One of the scariest moments I had in working on explosives for 28 years in the AF was having to build bombs for an actual mission (not training) when a thunderstorm was approaching. The manual lets you work up to lightning within three (miles), I had the guys quit at lightning within five.
 
/ Lightning #4  
patrick g:

Your friend had a close encounter with "ball lightening". Those floating orbs are amazing, but usually dissipate without catastrophy. They used to emanate from the well pump handle in my kitchen during T-storms :cool:. Jay
 
/ Lightning #5  
Jay, you are amazing.

I've looked for a solid explanation for ball lightning for some time & here you've seen the real thing right in your kitchen.

From what I have read it is not always benign & can burn things it touches so maybe I shouldn't wish that I'd been there? Still, you have had an experience that few other shave.

Stay safe
 
/ Lightning #6  
jbrumberg said:
patrick g:

Your friend had a close encounter with "ball lightening". Those floating orbs are amazing, but usually dissipate without catastrophy. They used to emanate from the well pump handle in my kitchen during T-storms :cool:. Jay

I have a friend that remembers when he was a kid, kneeling on his bed looking out the bedroom window during a thunderstorm. A ball of lightning came across the yard at ground level, through his closed window and blew his bed springs across the room, starting his mattress on fire. He described it with this distant look in his eyes and said he will never forget it. :eek:
 
/ Lightning #7  
Mom making us lunch in the middle of a huge Florida thunderstorm, very common, lighting hit close, and mom opened the metal breadbox and a ball of blue flame / fire danced out rolled across the kitchen counter bounced to the floor and petered out.
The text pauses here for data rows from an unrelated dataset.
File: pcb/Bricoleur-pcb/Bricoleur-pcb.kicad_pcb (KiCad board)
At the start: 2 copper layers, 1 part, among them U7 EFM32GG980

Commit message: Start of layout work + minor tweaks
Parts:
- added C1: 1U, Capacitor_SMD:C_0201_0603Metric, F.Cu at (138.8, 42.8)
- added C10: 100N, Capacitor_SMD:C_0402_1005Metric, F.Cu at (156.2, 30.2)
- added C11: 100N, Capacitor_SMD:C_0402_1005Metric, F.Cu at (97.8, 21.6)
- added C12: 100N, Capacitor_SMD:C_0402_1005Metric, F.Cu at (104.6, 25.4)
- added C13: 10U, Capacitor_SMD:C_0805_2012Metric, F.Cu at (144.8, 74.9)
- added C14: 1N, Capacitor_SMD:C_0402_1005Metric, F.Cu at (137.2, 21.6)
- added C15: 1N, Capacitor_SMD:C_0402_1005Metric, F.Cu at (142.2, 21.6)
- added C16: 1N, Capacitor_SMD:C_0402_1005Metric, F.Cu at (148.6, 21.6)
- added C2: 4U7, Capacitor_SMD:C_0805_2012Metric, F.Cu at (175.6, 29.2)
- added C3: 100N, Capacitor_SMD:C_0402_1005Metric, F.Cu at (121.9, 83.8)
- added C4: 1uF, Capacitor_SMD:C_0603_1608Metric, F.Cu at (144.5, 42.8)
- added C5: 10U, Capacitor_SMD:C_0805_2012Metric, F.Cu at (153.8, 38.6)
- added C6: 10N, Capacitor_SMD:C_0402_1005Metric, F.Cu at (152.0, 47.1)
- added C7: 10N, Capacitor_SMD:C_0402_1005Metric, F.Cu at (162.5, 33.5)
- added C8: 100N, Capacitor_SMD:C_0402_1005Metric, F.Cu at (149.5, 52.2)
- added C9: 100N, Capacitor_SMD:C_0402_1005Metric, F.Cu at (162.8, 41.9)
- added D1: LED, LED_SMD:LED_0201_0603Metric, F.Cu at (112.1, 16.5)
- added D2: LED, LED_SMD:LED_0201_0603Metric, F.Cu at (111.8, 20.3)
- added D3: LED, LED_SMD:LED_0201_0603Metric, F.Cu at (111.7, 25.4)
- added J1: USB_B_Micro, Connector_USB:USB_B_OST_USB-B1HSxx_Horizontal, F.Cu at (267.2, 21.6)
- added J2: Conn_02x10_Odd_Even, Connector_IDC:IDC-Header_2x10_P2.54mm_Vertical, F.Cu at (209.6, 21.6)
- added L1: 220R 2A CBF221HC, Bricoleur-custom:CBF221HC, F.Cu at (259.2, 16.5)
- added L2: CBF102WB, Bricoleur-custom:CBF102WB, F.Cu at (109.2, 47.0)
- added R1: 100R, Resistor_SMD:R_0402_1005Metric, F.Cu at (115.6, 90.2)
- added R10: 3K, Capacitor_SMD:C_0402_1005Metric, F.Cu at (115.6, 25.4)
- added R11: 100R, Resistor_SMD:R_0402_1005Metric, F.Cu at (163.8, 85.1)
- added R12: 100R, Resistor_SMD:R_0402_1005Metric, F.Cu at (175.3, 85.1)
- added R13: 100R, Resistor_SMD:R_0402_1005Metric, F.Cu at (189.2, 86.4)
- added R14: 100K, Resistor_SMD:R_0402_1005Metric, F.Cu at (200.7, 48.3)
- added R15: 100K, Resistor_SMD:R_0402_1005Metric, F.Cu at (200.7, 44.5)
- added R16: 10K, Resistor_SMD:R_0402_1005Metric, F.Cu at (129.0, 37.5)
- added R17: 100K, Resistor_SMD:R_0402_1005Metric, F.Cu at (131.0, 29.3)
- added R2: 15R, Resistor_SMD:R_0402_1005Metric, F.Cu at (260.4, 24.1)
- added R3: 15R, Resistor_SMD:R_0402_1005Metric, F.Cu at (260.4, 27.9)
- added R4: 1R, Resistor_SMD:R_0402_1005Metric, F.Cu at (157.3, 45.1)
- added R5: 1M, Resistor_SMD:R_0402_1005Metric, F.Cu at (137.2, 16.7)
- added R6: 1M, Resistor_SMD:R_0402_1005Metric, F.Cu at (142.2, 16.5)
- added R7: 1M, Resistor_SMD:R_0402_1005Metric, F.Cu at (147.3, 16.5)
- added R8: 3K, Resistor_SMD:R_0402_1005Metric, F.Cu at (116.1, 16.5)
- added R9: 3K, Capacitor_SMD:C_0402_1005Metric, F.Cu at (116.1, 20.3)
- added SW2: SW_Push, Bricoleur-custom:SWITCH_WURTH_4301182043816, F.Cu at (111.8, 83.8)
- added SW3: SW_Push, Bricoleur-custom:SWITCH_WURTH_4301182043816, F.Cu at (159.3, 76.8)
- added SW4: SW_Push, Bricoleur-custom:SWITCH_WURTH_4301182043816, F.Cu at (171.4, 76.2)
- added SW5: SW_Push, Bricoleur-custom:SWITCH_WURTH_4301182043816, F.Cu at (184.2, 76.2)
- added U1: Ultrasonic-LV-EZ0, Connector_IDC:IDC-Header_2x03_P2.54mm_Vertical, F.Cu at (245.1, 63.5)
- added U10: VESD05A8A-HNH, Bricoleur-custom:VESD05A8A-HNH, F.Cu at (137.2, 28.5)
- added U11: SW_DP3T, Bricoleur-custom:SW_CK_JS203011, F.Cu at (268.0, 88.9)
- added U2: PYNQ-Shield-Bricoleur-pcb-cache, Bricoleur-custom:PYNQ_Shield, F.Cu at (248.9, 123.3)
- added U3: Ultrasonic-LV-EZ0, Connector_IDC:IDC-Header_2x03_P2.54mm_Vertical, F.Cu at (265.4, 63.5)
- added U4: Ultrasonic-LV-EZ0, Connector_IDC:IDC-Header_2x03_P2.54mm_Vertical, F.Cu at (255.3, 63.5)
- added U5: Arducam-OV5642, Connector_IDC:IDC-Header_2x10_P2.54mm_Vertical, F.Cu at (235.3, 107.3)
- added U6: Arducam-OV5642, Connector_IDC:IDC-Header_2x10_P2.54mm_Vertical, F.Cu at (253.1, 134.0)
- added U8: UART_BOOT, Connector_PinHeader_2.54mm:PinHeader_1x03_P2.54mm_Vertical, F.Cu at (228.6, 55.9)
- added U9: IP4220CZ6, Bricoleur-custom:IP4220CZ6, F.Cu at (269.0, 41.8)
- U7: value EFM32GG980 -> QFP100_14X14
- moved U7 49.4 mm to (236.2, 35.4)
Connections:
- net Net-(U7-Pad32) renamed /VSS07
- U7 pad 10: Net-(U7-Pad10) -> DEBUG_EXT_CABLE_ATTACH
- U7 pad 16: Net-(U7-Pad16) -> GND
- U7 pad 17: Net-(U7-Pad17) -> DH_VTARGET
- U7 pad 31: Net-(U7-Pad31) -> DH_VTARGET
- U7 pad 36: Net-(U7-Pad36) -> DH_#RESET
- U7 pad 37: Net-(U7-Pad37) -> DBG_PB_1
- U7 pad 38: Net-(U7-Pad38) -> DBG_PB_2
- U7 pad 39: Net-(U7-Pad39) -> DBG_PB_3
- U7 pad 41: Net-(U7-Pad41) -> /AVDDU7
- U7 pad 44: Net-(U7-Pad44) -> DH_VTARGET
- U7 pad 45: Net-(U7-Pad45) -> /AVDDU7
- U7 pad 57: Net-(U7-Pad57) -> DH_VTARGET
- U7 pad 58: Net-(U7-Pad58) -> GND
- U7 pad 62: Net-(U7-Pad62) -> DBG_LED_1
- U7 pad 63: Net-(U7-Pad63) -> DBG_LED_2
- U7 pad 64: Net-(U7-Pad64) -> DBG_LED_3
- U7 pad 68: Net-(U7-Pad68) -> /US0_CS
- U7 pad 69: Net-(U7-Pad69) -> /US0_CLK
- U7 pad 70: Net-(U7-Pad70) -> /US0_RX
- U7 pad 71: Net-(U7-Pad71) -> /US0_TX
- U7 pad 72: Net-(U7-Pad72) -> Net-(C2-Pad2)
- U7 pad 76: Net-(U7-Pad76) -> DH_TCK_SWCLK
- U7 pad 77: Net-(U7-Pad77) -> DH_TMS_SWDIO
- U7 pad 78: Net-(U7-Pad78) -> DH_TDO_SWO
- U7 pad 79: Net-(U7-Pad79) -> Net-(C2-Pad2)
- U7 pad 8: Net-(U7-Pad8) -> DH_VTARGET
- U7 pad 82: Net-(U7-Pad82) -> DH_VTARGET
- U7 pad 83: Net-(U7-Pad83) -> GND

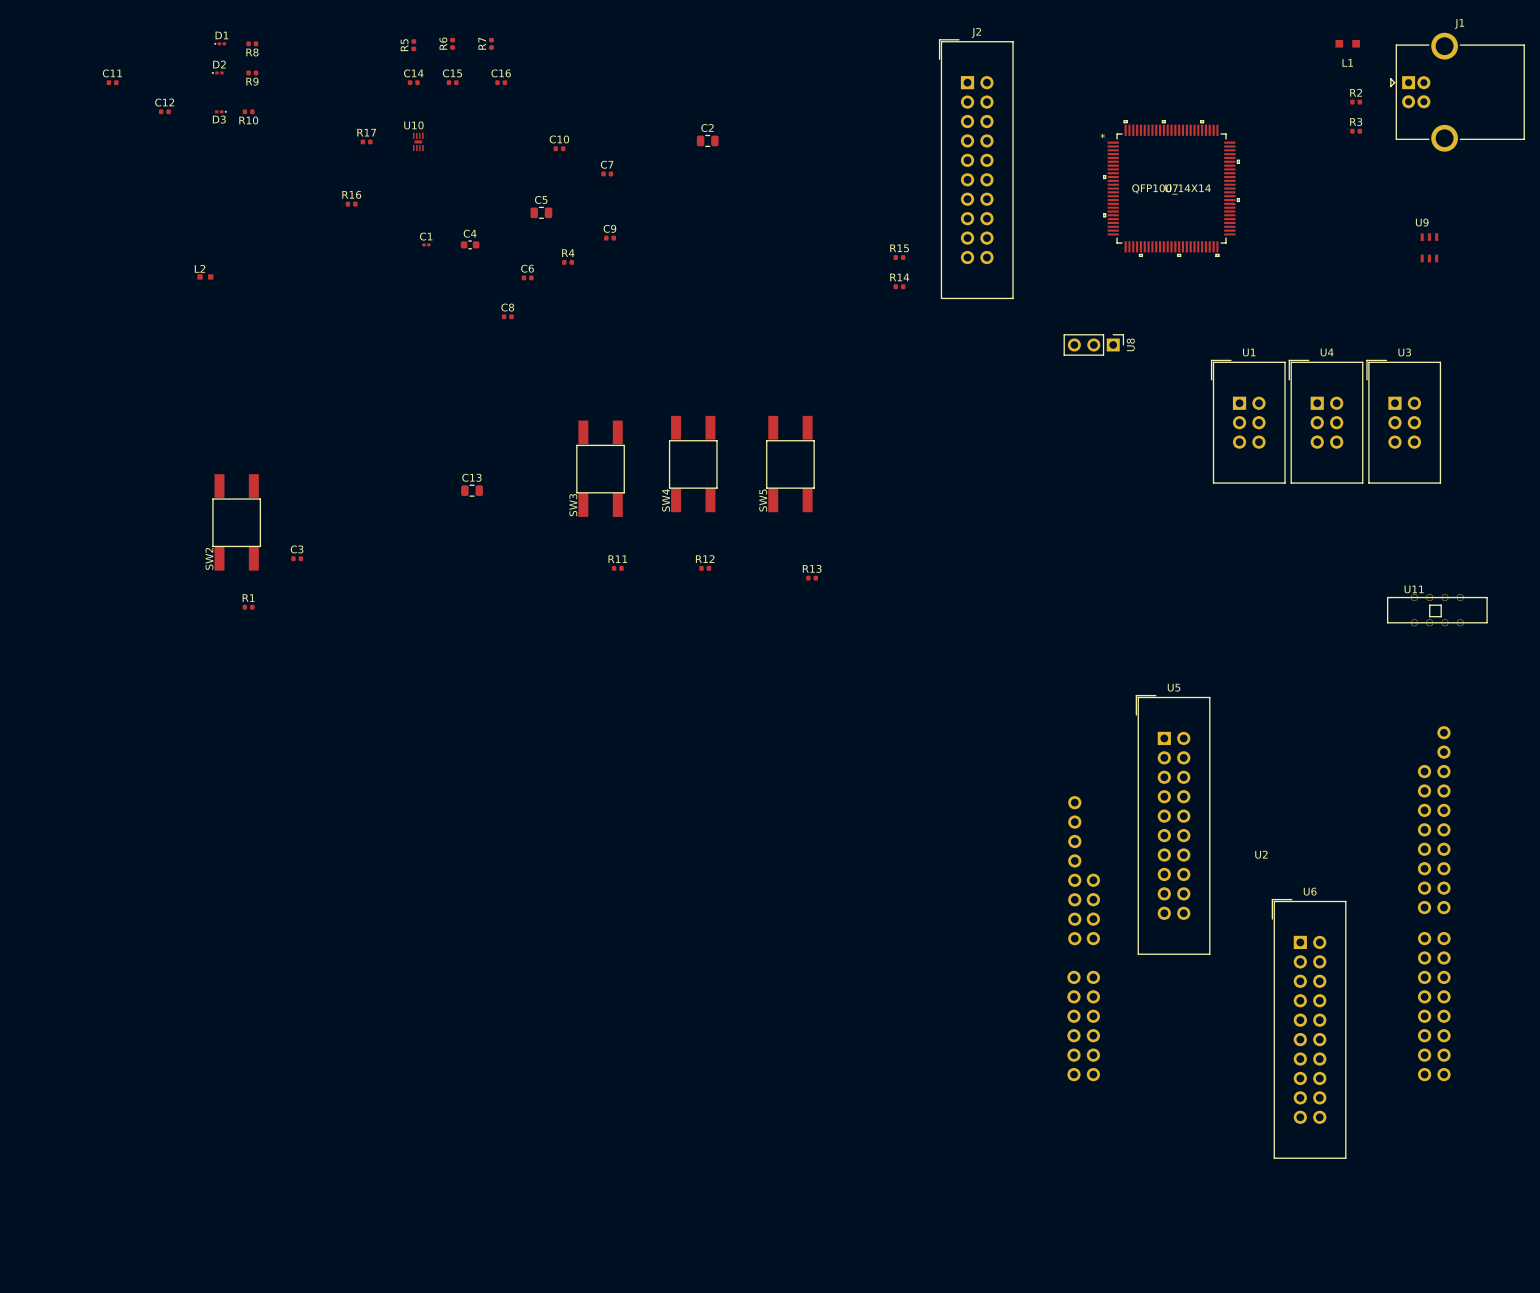
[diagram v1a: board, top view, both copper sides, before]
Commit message: Finished camera connection, started on MC. Changed debug protection diodes sharing pattern to match debug connector.
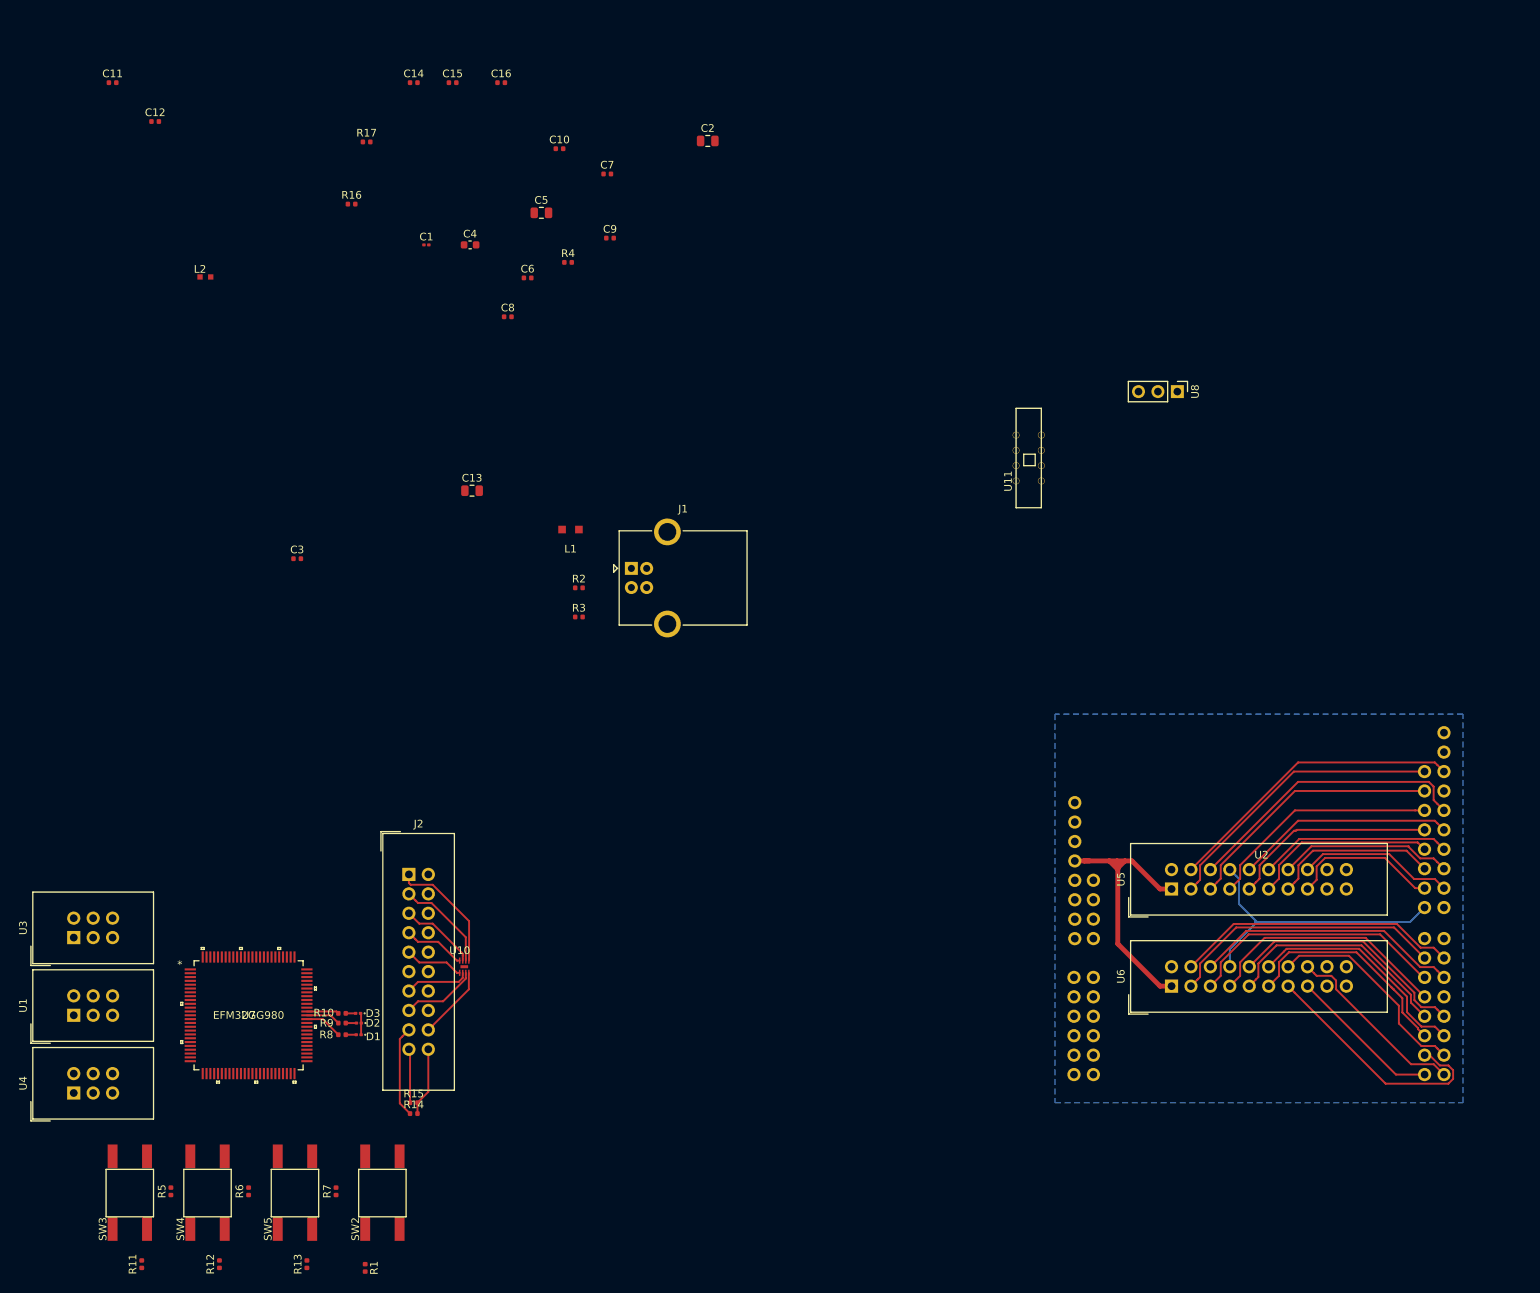
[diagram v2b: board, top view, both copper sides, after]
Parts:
- removed U9: IP4220CZ6, Bricoleur-custom:IP4220CZ6
- U7: value QFP100_14X14 -> EFM32GG980
- moved U3 186.3 mm to (92.7, 133.3), turned to 90 degrees
- moved U4 185.9 mm to (92.7, 153.7), turned to 90 degrees
- moved U1 172.1 mm to (92.7, 143.5), turned to 90 degrees
- moved U7 162.0 mm to (115.6, 143.5)
- moved R5 153.2 mm to (105.4, 166.5)
- moved R6 152.4 mm to (115.6, 166.5)
- moved R7 151.4 mm to (127.0, 166.5)
- moved D1 130.8 mm to (130.0, 146.1), turned to 180 degrees
- moved R8 130.1 mm to (127.8, 146.1), turned to 0 degrees
- moved R15 127.4 mm to (137.2, 154.9)
- moved J2 126.7 mm to (136.5, 125.1)
- moved D2 125.5 mm to (130.0, 144.5), turned to 180 degrees
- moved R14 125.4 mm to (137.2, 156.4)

We all stood there staring at each other wondering what had just happened.

Had never heard of anyone else seeing this type deal before now.
 
/ Lightning
  • Thread Starter
#8  
RoyJackson said:
Yeah...but think of the bright side...lightning helps clean the gene pool.

Roy, I have to ask... are you referring to the cows who were into the grass is greener on the other side of the fence thing which is how they got zapped or do you refer to folks on the phone, or maybe the nut cases trying to qualify for a Darwin award at the bat cave?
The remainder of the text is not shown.